After she moved to New York City, Hansberry worked at the Pan-Africanist newspaper Freedom, where she dealt with intellectuals such as Paul Robeson and W. E. B. Du Bois. Much of her work during this time concerned the African struggle for liberation and their impact on the world.

Hansberry has been identified as a lesbian, and sexual freedom is an important topic in several of her works. She died of cancer at the age of 34.

Lorraine Hansberry
Lorraine Hansberry.jpg
Born Lorraine Vivian Hansberry
May 19, 1930
Chicago, Illinois, U.S.
Died January 12, 1965 (aged 34)
New York City, New York, U.S.
Occupation Playwrightwriterstage director
Nationality American
Education University of Wisconsin–Madison
The New School
Spouse(s) Robert Nemiroff (m. 1953–62)

~~Family~~

Lorraine Hansberry was the youngest of four children born to Carl Augustus Hansberry, a successful real-estate broker, and Nannie Louise (neé Perry) a school teacher. In 1938, her father bought a house in the Washington Park Subdivision of the South Side of Chicago, violating a restrictive covenant and incurring the wrath of their white neighbors. The latter’s legal efforts to force the Hansberry family out culminated in the U.S. Supreme Court’s decision in Hansberry v. Lee. The restrictive covenant was ruled contestable, though not inherently invalid. Carl Hansberry was also a supporter of the Urban League and NAACP in Chicago. Both Hansberrys were active in the Chicago Republican Party. Carl died in 1946, when Lorraine was fifteen years old; “American racism helped kill him,” she later said.

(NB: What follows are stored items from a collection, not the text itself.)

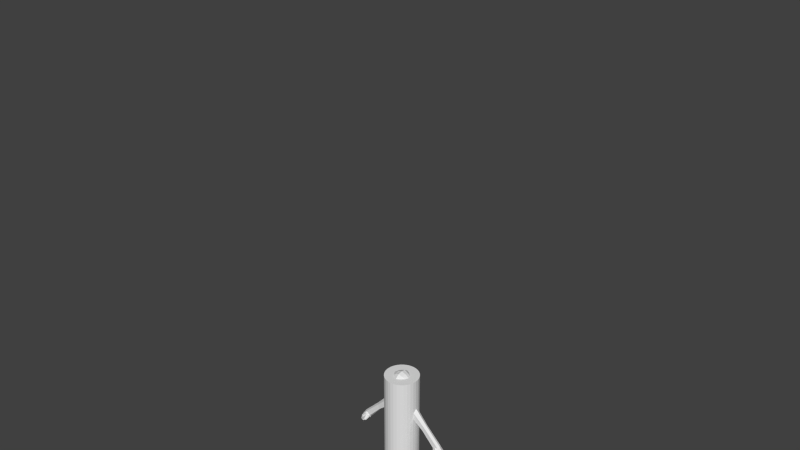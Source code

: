 # Source: bumi.blend  (saved by Blender 2.78.0; exported with 4.5.12 LTS)
import bpy
from mathutils import Matrix  # noqa: F401  (used for matrix-valued properties, if any)

bpy.ops.wm.read_factory_settings(use_empty=True)
scene = bpy.context.scene
scene.name = 'Scene'

# ---- collections
col_collection_1 = bpy.data.collections.new('Collection 1'); scene.collection.children.link(col_collection_1)

# ---- materials (node trees are filled in below, after node groups)
mat_material_002 = bpy.data.materials.new('Material.002')
mat_material_002.alpha_threshold = 0.0
mat_material_002.use_transparent_shadow = False
mat_material_002.roughness = 0.5

# ---- material node trees

# ---- world
world_world = bpy.data.worlds.new('World'); scene.world = world_world
world_world.color = (0.05088, 0.05088, 0.05088)
world_world.use_sun_shadow = False
world_world.sun_shadow_jitter_overblur = 0.0
world_world.cycles.sampling_method = 'NONE'
world_world.cycles.sample_map_resolution = 256

# ---- meshes
me_cube_005 = bpy.data.meshes.new('Cube.005')
me_cube_005.from_pydata([(0.3591, 0.1069, 1.685), (0.4176, 0.02384, 1.418), (1.117, 0.08936, 0.7489), (1.099, 0.01814, 0.686), (0.7401, -0.05246, 1.121), (0.7588, 0.01965, 1.078), (0.8012, -0.05246, 1.233), (0.7477, 0.09088, 1.135), (0.8069, 0.07891, 1.243), (0.8431, 0.01323, 1.254), (1.275, 0.01172, 0.8199), (1.233, 0.07739, 0.8274), (0.4886, 0.1063, 1.566), (0.465, 0.123, 1.382), (0.5113, 0.0232, 1.309), (0.462, -0.07789, 1.359), (0.4863, -0.07789, 1.548), (0.5329, 0.0142, 1.601), (1.387, 0.008838, 0.6668), (1.34, -0.1053, 0.6633), (1.259, 0.1437, 0.6224), (1.333, 0.1229, 0.6446), (1.255, 0.01999, 0.6192), (1.431, 0.01057, 0.5), (1.41, -0.06158, 0.5), (1.362, -0.06158, 0.4673), (1.368, 0.09584, 0.4713), (1.414, 0.0827, 0.503), (1.36, 0.01762, 0.446), (1.188, 0.1165, 0.6856), (1.177, 0.01906, 0.6526), (1.123, -0.04379, 0.741), (1.331, 0.01028, 0.7434), (1.283, 0.1001, 0.736), (1.102, -0.05398, 0.7388), (1.222, -0.05398, 0.8198), (1.278, -0.1053, 0.6381), (1.187, -0.2242, 0.6659), (1.281, -0.07962, 0.7415), (1.213, -0.05786, 0.7936), (1.113, 0.006307, 0.6892), (1.281, -0.08552, 0.6411), (1.319, -0.1003, 0.6719), (1.246, -0.0001753, 0.6282), (1.178, 0.01575, 0.6541), (1.278, -0.07915, 0.7396), (1.164, -0.2125, 0.649), (1.15, -0.189, 0.6341), (1.177, -0.1928, 0.6207), (1.209, -0.2322, 0.6418), (1.19, -0.222, 0.6298), (1.123, -0.1876, 0.6486), (1.163, -0.2159, 0.6885), (1.133, -0.2076, 0.6673), (1.104, -0.08155, 0.724), (1.194, -0.09561, 0.7766), (1.094, -0.03145, 0.6722), (1.261, -0.1233, 0.6241), (1.3, -0.1381, 0.6549), (1.227, -0.03793, 0.6112), (1.159, -0.02201, 0.6371), (1.119, -0.04607, 0.6755), (1.259, -0.1169, 0.7226), (1.167, -0.04857, 0.6497), (1.233, -0.1114, 0.7063), (1.19, -0.0965, 0.7467), (1.138, -0.08178, 0.7089), (1.24, -0.1074, 0.6419), (1.273, -0.1257, 0.6633), (1.216, -0.05535, 0.6257), (0.6438, -0.06518, 1.39), (0.688, 0.01372, 1.428), (0.6477, 0.09259, 1.404), (0.6064, 0.107, 1.258), (0.635, 0.02143, 1.193), (0.6011, -0.06518, 1.24), (0.8046, 0.01945, 1.025), (0.7975, 0.09067, 1.083), (0.9013, 0.01303, 1.196), (0.8579, -0.05267, 1.177), (0.7889, -0.05267, 1.069), (0.8643, 0.0787, 1.187), (1.088, 0.01237, 1.008), (1.04, -0.05332, 0.9986), (0.9515, 0.01879, 0.8557), (0.9571, 0.09002, 0.9159), (0.9454, -0.05332, 0.9042), (1.048, 0.07805, 1.007), (-0.3591, -0.07726, 1.666), (-1.117, 0.08936, 0.7489), (-1.099, 0.01814, 0.686), (-0.7401, -0.05246, 1.121), (-0.7588, 0.01965, 1.078), (-0.8012, -0.05246, 1.233), (-0.7477, 0.09088, 1.135), (-0.8069, 0.07891, 1.243), (-0.8431, 0.01323, 1.254), (-1.275, 0.01172, 0.8199), (-1.233, 0.07739, 0.8274), (-0.4886, 0.1063, 1.566), (-0.465, 0.123, 1.382), (-0.5113, 0.0232, 1.309), (-0.462, -0.07789, 1.359), (-0.4863, -0.07789, 1.548), (-0.5329, 0.0142, 1.601), (-1.387, 0.008838, 0.6668), (-1.34, -0.1053, 0.6633), (-1.259, 0.1437, 0.6224), (-1.333, 0.1229, 0.6446), (-1.255, 0.01999, 0.6192), (-1.431, 0.01057, 0.5), (-1.41, -0.06158, 0.5), (-1.362, -0.06158, 0.4673), (-1.368, 0.09584, 0.4713), (-1.414, 0.0827, 0.503), (-1.36, 0.01762, 0.446), (-1.188, 0.1165, 0.6856), (-1.177, 0.01906, 0.6526), (-1.123, -0.04379, 0.741), (-1.331, 0.01028, 0.7434), (-1.283, 0.1001, 0.736), (-1.102, -0.05398, 0.7388), (-1.222, -0.05398, 0.8198), (-1.278, -0.1053, 0.6381), (-1.187, -0.2242, 0.6659), (-1.281, -0.07962, 0.7415), (-1.213, -0.05786, 0.7936), (-1.113, 0.006307, 0.6892), (-1.281, -0.08552, 0.6411), (-1.319, -0.1003, 0.6719), (-1.246, -0.0001753, 0.6282), (-1.178, 0.01575, 0.6541), (-1.278, -0.07915, 0.7396), (-1.164, -0.2125, 0.649), (-1.15, -0.189, 0.6341), (-1.177, -0.1928, 0.6207), (-1.209, -0.2322, 0.6418), (-1.19, -0.222, 0.6298), (-1.123, -0.1876, 0.6486), (-1.163, -0.2159, 0.6885), (-1.133, -0.2076, 0.6673), (-1.104, -0.08155, 0.724), (-1.194, -0.09561, 0.7766), (-1.094, -0.03145, 0.6722), (-1.261, -0.1233, 0.6241), (-1.3, -0.1381, 0.6549), (-1.227, -0.03793, 0.6112), (-1.159, -0.02201, 0.6371), (-1.119, -0.04607, 0.6755), (-1.259, -0.1169, 0.7226), (-1.167, -0.04857, 0.6497), (-1.233, -0.1114, 0.7063), (-1.19, -0.0965, 0.7467), (-1.138, -0.08178, 0.7089), (-1.24, -0.1074, 0.6419), (-1.273, -0.1257, 0.6633), (-1.216, -0.05535, 0.6257), (-0.6438, -0.06518, 1.39), (-0.688, 0.01372, 1.428), (-0.6477, 0.09259, 1.404), (-0.6064, 0.107, 1.258), (-0.635, 0.02143, 1.193), (-0.6011, -0.06518, 1.24), (-0.8046, 0.01945, 1.025), (-0.7975, 0.09067, 1.083), (-0.9013, 0.01303, 1.196), (-0.8579, -0.05267, 1.177), (-0.7889, -0.05267, 1.069), (-0.8643, 0.0787, 1.187), (-1.088, 0.01237, 1.008), (-1.04, -0.05332, 0.9986), (-0.9515, 0.01879, 0.8557), (-0.9571, 0.09002, 0.9159), (-0.9454, -0.05332, 0.9042), (-1.048, 0.07805, 1.007), (0.1172, 0.2416, 2.41), (0.1172, 0.2416, 2.167), (0.2743, 0.09979, 2.41), (0.2743, -0.1169, 2.377), (0.2743, -0.112, 2.09), (0.2743, 0.09645, 2.156), (0.1113, -0.2694, 2.347), (0.1113, -0.2552, 2.034), (0.1183, 0.1196, 2.006), (0.08234, -0.1337, 1.93), (0.1114, -0.1219, 2.586), (0.1113, 0.1008, 2.59), (0.1259, 0.2615, 2.28), (0.2943, -0.005334, 2.41), (0.2943, -0.1208, 2.222), (0.2943, -0.008273, 2.126), (0.2943, 0.1072, 2.276), (0.121, -0.2787, 2.171), (0.1418, 0.01332, 1.952), (0.1211, -0.005256, 2.609), (0.1069, 0.1864, 2.525), (0.2151, 0.1862, 2.402), (0.2151, 0.1853, 2.173), (0.107, 0.1853, 2.075), (0.2151, 0.09185, 2.525), (0.2151, -0.1131, 2.512), (0.2151, -0.2125, 2.344), (0.2151, -0.1994, 2.057), (0.1958, -0.1121, 1.962), (0.2118, 0.08835, 2.062), (0.1017, -0.2197, 2.504), (0.0951, -0.2025, 1.93), (0.3155, -0.005818, 2.261), (0.231, 0.2017, 2.279), (0.231, -0.005565, 2.538), (0.231, -0.2183, 2.183), (0.204, -0.001248, 1.981), (0.1743, -0.1743, 1.966), (0.1829, -0.1859, 2.459), (0.1829, 0.155, 2.101), (0.1829, 0.1573, 2.489), (0.3591, 0.1069, 0.4255), (0.3591, -0.07726, 0.4255), (0.3591, 0.1059, 0.9997), (0.3591, -0.07536, 0.9672), (0.3591, -0.07726, 1.464), (0.1577, 0.227, 0.4559), (0.1796, -0.2212, 0.4255), (0.1796, 0.227, 1.144), (0.1796, -0.2213, 0.8019), (0.1726, -0.1724, 1.745), (0.1796, 0.2678, 1.414), (0.1796, -0.2212, 1.324), (0.359, 0.1085, 0.2885), (0.3587, -0.07566, 0.2882), (0.103, 0.1371, 0.2183), (0.1569, -0.2226, 0.218), (0.3119, 0.117, -0.8564), (0.3279, -0.09278, -0.856), (0.1473, 0.1138, -0.8565), (0.1502, -0.1285, -0.856), (0.1076, 0.1383, -0.4697), (0.143, -0.1644, -0.4692), (0.3327, 0.1104, -0.4696), (0.3528, -0.1145, -0.4692), (0.1373, -0.1733, -0.2105), (0.0981, 0.1362, -0.2098), (0.3529, 0.1101, -0.21), (0.3477, -0.1046, -0.2104), (0.4177, 0.01482, 0.4257), (0.4176, 0.01563, 0.989), (0.06354, 0.1047, 1.905), (0.1792, 0.008914, 1.822), (0.4172, 0.0172, 0.2874), (0.05221, -0.04313, 0.1892), (0.3804, 0.01951, -0.8562), (0.08934, -0.05334, -0.8561), (0.3927, 0.0227, -0.4695), (0.05716, -0.04699, -0.4695), (0.06138, -0.06019, -0.2102), (0.4021, 0.02428, -0.2102), (0.314, 0.16, -1.043), (0.284, -0.1201, -0.9855), (0.1307, 0.1564, -1.042), (0.1458, -0.1205, -0.9855), (0.3788, 0.01726, -1.041), (0.08905, -0.0516, -1.041), (0.2715, -0.2544, -1.022), (0.138, -0.2544, -1.022), (0.2972, -0.4519, -1.09), (0.1649, -0.4519, -1.09), (0.311, -0.5053, -1.185), (0.1787, -0.5053, -1.185), (0.311, 0.19, -1.1), (0.1311, 0.189, -1.1), (0.4009, 0.01483, 1.728), (0.3591, -0.07726, 1.666), (0.3591, 0.1237, 1.489), (0.179, 0.17, 1.741), (0.09446, -0.06281, 1.87), (0.1464, 0.02459, 1.883), (0.08446, 0.1422, 1.864), (0.156, 0.01922, 1.855), (0.118, -0.12, 1.824), (0.1048, 0.1375, -0.3539), (0.345, 0.1105, -0.3539), (0.3529, -0.1065, -0.354), (0.1426, -0.1567, -0.3542), (0.05923, -0.05332, -0.3541), (0.3974, 0.02376, -0.354), (0.1374, -0.1859, -0.027), (0.1028, 0.1361, -0.0263), (0.3581, 0.1098, 0.00862), (0.3532, -0.08818, 0.008169), (0.4096, 0.02121, 0.007916), (0.05697, -0.05264, -0.0412), (0.3533, -0.328, -1.183), (0.1364, -0.328, -1.183), (0.3816, -0.1334, -1.183), (0.108, -0.1335, -1.183), (0.3684, 0.003269, -1.183), (0.1212, 0.00326, -1.183), (0.311, 0.1724, -1.183), (0.1788, 0.1716, -1.183), (0.2389, -0.3245, -0.3586), (-0.1172, 0.2416, 2.41), (-0.1172, 0.2416, 2.167), (-0.2743, 0.09979, 2.41), (-0.2743, -0.1169, 2.377), (-0.2743, -0.112, 2.09), (-0.2743, 0.09645, 2.156), (-0.1113, -0.2694, 2.347), (-0.1113, -0.2552, 2.034), (-0.1183, 0.1196, 2.006), (-0.08234, -0.1337, 1.93), (-0.1114, -0.1219, 2.586), (-0.1113, 0.1008, 2.59), (-0.1259, 0.2615, 2.28), (-0.2943, -0.005334, 2.41), (-0.2943, -0.1208, 2.222), (-0.2943, -0.008273, 2.126), (-0.2943, 0.1072, 2.276), (-0.121, -0.2787, 2.171), (-0.1418, 0.01332, 1.952), (-0.1211, -0.005256, 2.609), (-0.1069, 0.1864, 2.525), (-0.2151, 0.1862, 2.402), (-0.2151, 0.1853, 2.173), (-0.107, 0.1853, 2.075), (-0.2151, 0.09185, 2.525), (-0.2151, -0.1131, 2.512), (-0.2151, -0.2125, 2.344), (-0.2151, -0.1994, 2.057), (-0.1958, -0.1121, 1.962), (-0.2118, 0.08835, 2.062), (-0.1017, -0.2197, 2.504), (-0.0951, -0.2025, 1.93), (-0.3155, -0.005818, 2.261), (-0.231, 0.2017, 2.279), (-0.231, -0.005565, 2.538), (-0.231, -0.2183, 2.183), (-0.204, -0.001248, 1.981), (-0.1743, -0.1743, 1.966), (-0.1829, -0.1859, 2.459), (-0.1829, 0.155, 2.101), (-0.1829, 0.1573, 2.489), (-0.3591, 0.1069, 0.4255), (-0.3591, -0.07726, 0.4255), (-0.359, 0.1059, 0.9998), (-0.3591, -0.07537, 0.9672), (-0.3591, 0.1069, 1.685), (-0.3591, -0.07726, 1.464), (-0.1577, 0.227, 0.4559), (-0.1796, -0.2212, 0.4255), (-0.1796, 0.227, 1.144), (-0.1796, -0.2213, 0.8019), (-0.1726, -0.1724, 1.745), (-0.1796, 0.2678, 1.414), (-0.1796, -0.2212, 1.324), (-0.3583, 0.1085, 0.2886), (-0.3594, -0.07538, 0.2883), (-0.1027, 0.137, 0.2183), (-0.1583, -0.2224, 0.2178), (-0.3109, 0.117, -0.8565), (-0.329, -0.0924, -0.856), (-0.1461, 0.1135, -0.8564), (-0.1513, -0.1284, -0.8559), (-0.1064, 0.1381, -0.4697), (-0.145, -0.164, -0.469), (-0.3322, 0.1107, -0.4697), (-0.3546, -0.1138, -0.4693), (-0.1392, -0.173, -0.2106), (-0.09682, 0.1359, -0.2099), (-0.3523, 0.1104, -0.2098), (-0.3494, -0.104, -0.2104), (-0.4177, 0.01482, 0.4257), (-0.4176, 0.01562, 0.989), (-0.06354, 0.1047, 1.905), (-0.1792, 0.008914, 1.822), (-0.4172, 0.01742, 0.2875), (-0.05223, -0.04318, 0.1892), (-0.3804, 0.01982, -0.8563), (-0.08967, -0.05346, -0.856), (-0.3931, 0.02326, -0.4696), (-0.05774, -0.04699, -0.4693), (-0.06207, -0.06018, -0.2104), (-0.4025, 0.02483, -0.21), (-0.3135, 0.16, -1.043), (-0.2841, -0.1201, -0.9855), (-0.1299, 0.1562, -1.042), (-0.146, -0.1205, -0.9855), (-0.3787, 0.01732, -1.042), (-0.08908, -0.05163, -1.041), (-0.2715, -0.2544, -1.022), (-0.138, -0.2544, -1.022), (-0.2972, -0.4519, -1.09), (-0.1649, -0.4519, -1.09), (-0.311, -0.5053, -1.185), (-0.1787, -0.5053, -1.185), (-0.3104, 0.19, -1.1), (-0.1304, 0.1889, -1.1), (-0.4009, 0.01483, 1.728), (-0.3591, 0.1237, 1.489), (-0.4176, 0.02384, 1.418), (-0.179, 0.17, 1.741), (-0.09446, -0.06281, 1.87), (-0.1464, 0.02459, 1.883), (-0.08446, 0.1422, 1.864), (-0.156, 0.01922, 1.855), (-0.118, -0.12, 1.824), (0.0, 0.2815, 2.428), (0.0, 0.2815, 2.15), (0.0, -0.307, 2.367), (0.0, -0.2951, 2.017), (0.0, 0.1197, 1.969), (0.0, -0.131, 1.896), (0.0, 0.1183, 2.63), (0.0, -0.137, 2.629), (0.0, 0.3039, 2.28), (0.0, -0.3205, 2.172), (0.0, -0.004677, 2.652), (0.0, 0.2182, 2.557), (0.0, 0.2177, 2.044), (0.0, -0.248, 2.54), (0.0, -0.2532, 1.898), (0.0, 0.227, 0.4559), (-0.0001105, -0.2219, 0.4558), (0.0, 0.227, 1.144), (-7.025e-06, -0.2212, 0.8019), (0.0, -0.2003, 1.753), (0.0, 0.2678, 1.414), (0.0, -0.2212, 1.324), (0.0001726, 0.2265, 0.2717), (-0.0002551, -0.2226, 0.2715), (0.0, 0.003902, 0.2192), (0.0, 0.2238, 1.752), (0.0, 0.1298, 1.919), (0.0, -0.1149, 1.873), (0.0, 0.1305, 1.878), (0.0, -0.1122, 1.835), (-0.1037, 0.1373, -0.3539), (-0.3445, 0.1109, -0.3538), (-0.3546, -0.1058, -0.354), (-0.1445, -0.1563, -0.3543), (-0.05997, -0.05325, -0.3542), (-0.3979, 0.02438, -0.354), (-0.1393, -0.1857, -0.02719), (-0.1015, 0.1358, -0.02634), (-0.3573, 0.11, 0.00881), (-0.3544, -0.08768, 0.00824), (-0.4098, 0.02165, 0.008108), (-0.05735, -0.05274, -0.04138), (-0.3533, -0.328, -1.183), (-0.1364, -0.328, -1.183), (-0.3817, -0.1334, -1.183), (-0.108, -0.1335, -1.183), (-0.3684, 0.003267, -1.183), (-0.1212, 0.003259, -1.183), (-0.3103, 0.1723, -1.183), (-0.1784, 0.1715, -1.183), (-0.2428, -0.3236, -0.3586)], [], [(84, 85, 2, 3), (75, 74, 5, 4), (70, 75, 4, 6), (74, 73, 7, 5), (71, 70, 6, 9), (72, 71, 9, 8), (73, 72, 8, 7), (22, 20, 26, 28), (30, 29, 20, 22), (33, 32, 18, 21), (29, 33, 21, 20), (25, 28, 23, 24), (28, 26, 27, 23), (21, 18, 23, 27), (20, 21, 27, 26), (18, 19, 24, 23), (11, 10, 32, 33), (35, 34, 31, 39), (53, 51, 47, 46), (52, 53, 46, 37), (37, 46, 50, 49), (46, 47, 48, 50), (38, 35, 39, 45), (42, 45, 62, 58), (39, 31, 54, 55), (41, 42, 58, 57), (40, 44, 60, 56), (45, 39, 55, 62), (31, 40, 56, 54), (43, 41, 57, 59), (44, 43, 59, 60), (55, 54, 66, 65), (57, 58, 68, 67), (56, 60, 63, 61), (62, 55, 65, 64), (64, 65, 52, 37), (66, 61, 51, 53), (69, 67, 50, 48), (63, 69, 48, 47), (58, 62, 64, 68), (60, 59, 69, 63), (59, 57, 67, 69), (54, 56, 61, 66), (61, 63, 47, 51), (67, 68, 49, 50), (65, 66, 53, 52), (68, 64, 37, 49), (13, 12, 72, 73), (12, 17, 71, 72), (17, 16, 70, 71), (14, 13, 73, 74), (16, 15, 75, 70), (15, 14, 74, 75), (85, 87, 11, 2), (87, 82, 10, 11), (34, 35, 10, 3), (3, 10, 11, 2), (82, 83, 35, 10), (86, 84, 3, 34), (83, 86, 34, 35), (36, 22, 28, 25), (32, 38, 19, 18), (19, 36, 25, 24), (2, 11, 33, 29), (10, 35, 38, 32), (3, 2, 29, 30), (22, 36, 41, 43), (30, 22, 43, 44), (19, 38, 45, 42), (34, 3, 40, 31), (3, 30, 44, 40), (36, 19, 42, 41), (6, 4, 80, 79), (4, 5, 76, 80), (9, 6, 79, 78), (8, 9, 78, 81), (7, 8, 81, 77), (5, 7, 77, 76), (79, 80, 86, 83), (80, 76, 84, 86), (78, 79, 83, 82), (81, 78, 82, 87), (77, 81, 87, 85), (76, 77, 85, 84), (171, 90, 89, 172), (162, 91, 92, 161), (157, 93, 91, 162), (161, 92, 94, 160), (158, 96, 93, 157), (159, 95, 96, 158), (160, 94, 95, 159), (109, 115, 113, 107), (117, 109, 107, 116), (120, 108, 105, 119), (116, 107, 108, 120), (112, 111, 110, 115), (115, 110, 114, 113), (108, 114, 110, 105), (107, 113, 114, 108), (105, 110, 111, 106), (98, 120, 119, 97), (122, 126, 118, 121), (140, 133, 134, 138), (139, 124, 133, 140), (124, 136, 137, 133), (133, 137, 135, 134), (125, 132, 126, 122), (129, 145, 149, 132), (126, 142, 141, 118), (128, 144, 145, 129), (127, 143, 147, 131), (132, 149, 142, 126), (118, 141, 143, 127), (130, 146, 144, 128), (131, 147, 146, 130), (142, 152, 153, 141), (144, 154, 155, 145), (143, 148, 150, 147), (149, 151, 152, 142), (151, 124, 139, 152), (153, 140, 138, 148), (156, 135, 137, 154), (150, 134, 135, 156), (145, 155, 151, 149), (147, 150, 156, 146), (146, 156, 154, 144), (141, 153, 148, 143), (148, 138, 134, 150), (154, 137, 136, 155), (152, 139, 140, 153), (155, 136, 124, 151), (100, 160, 159, 99), (99, 159, 158, 104), (104, 158, 157, 103), (101, 161, 160, 100), (103, 157, 162, 102), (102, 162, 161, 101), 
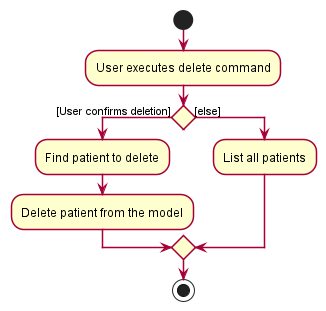

The diagram above was rendered by PlantUML. Its source (embedded in the PNG):
@startuml
skinparam activity {
    ArrowColor #A80036
    BackgroundColor #FEFECE
    BorderColor #A80036
    BorderThickness 1.5
}
start
:User executes delete command;
if () then ([User confirms deletion])
    :Find patient to delete;
    :Delete patient from the model;
else ([else])
    :List all patients;
endif
stop

@enduml

The Hansberrys were routinely visited by prominent Black intellectuals, including W.E.B. Du Bois and Paul Robeson. Carl Hansberry’s brother, William Leo Hansberry, founded the African Civilization section of the history department at Howard University. Lorraine was taught: ‘‘Above all, there were two things which were never to be betrayed: the family and the race.’’

Lorraine Hansberry has many notable relatives including director and playwright Shauneille Perry, whose eldest child is named after her. Her grand-niece is actress Taye Hansberry. Her cousin is the flautist, percussionist, and composer Aldridge Hansberry.

Hansberry became the godmother to Nina Simone‘s daughter Lisa — now Simone.

~~Marriage and sexuality~~

On June 20, 1953, she married Robert Nemiroff, a Jewish publisher, songwriter and political activist. Hansberry and Nemiroff moved to Greenwich Village, the setting of The Sign in Sidney Brustein’s Window. Success of the song “Cindy, Oh Cindy“, co-authored by Nemiroff, enabled Hansberry to start writing full-time.

It is widely believed that Hansberry was a closeted lesbian, a theory supported by her secret writings in letters and personal notebooks. She was an activist for gay rights and wrote about feminism and homophobia, joining the Daughters of Bilitis and contributing two letters to their magazine, The Ladder, in 1957 under her initials “LHN.” She separated from her husband at this time, but they continued to work together.

A Raisin in the Sun was written at this time and completed in 1957.

~~Beliefs~~

On her religious views, Hansberry was an atheist.

According to historian Fanon Che Wilkins, “Hansberry believed that gaining civil rights in the United States and obtaining independence in colonial Africa were two sides of the same coin that presented similar challenges for Africans on both sides of the Atlantic.” In response to the independence of Ghana, led by Kwame Nkrumah, Hansberry wrote: “The promise of the future of Ghana is that of all the colored peoples of the world; it is the promise of freedom.”

Regarding tactics, Hansberry said Blacks “must concern themselves with every single means of struggle: legal, illegal, passive, active, violent and non-violent. They must harass, debate, petition, give money to court struggles, sit-in, lie-down, strike, boycott, sing hymns, pray on steps — and shoot from their windows when the racists come cruising through their communities.”

In a Town Hall debate on June 15, 1964, Hansberry criticized white liberals who couldn’t accept civil disobedience, expressing a need “to encourage the white liberal to stop being a liberal and become an American radical.” At the same time, she said, “some of the first people who have died so far in this struggle have been white men.”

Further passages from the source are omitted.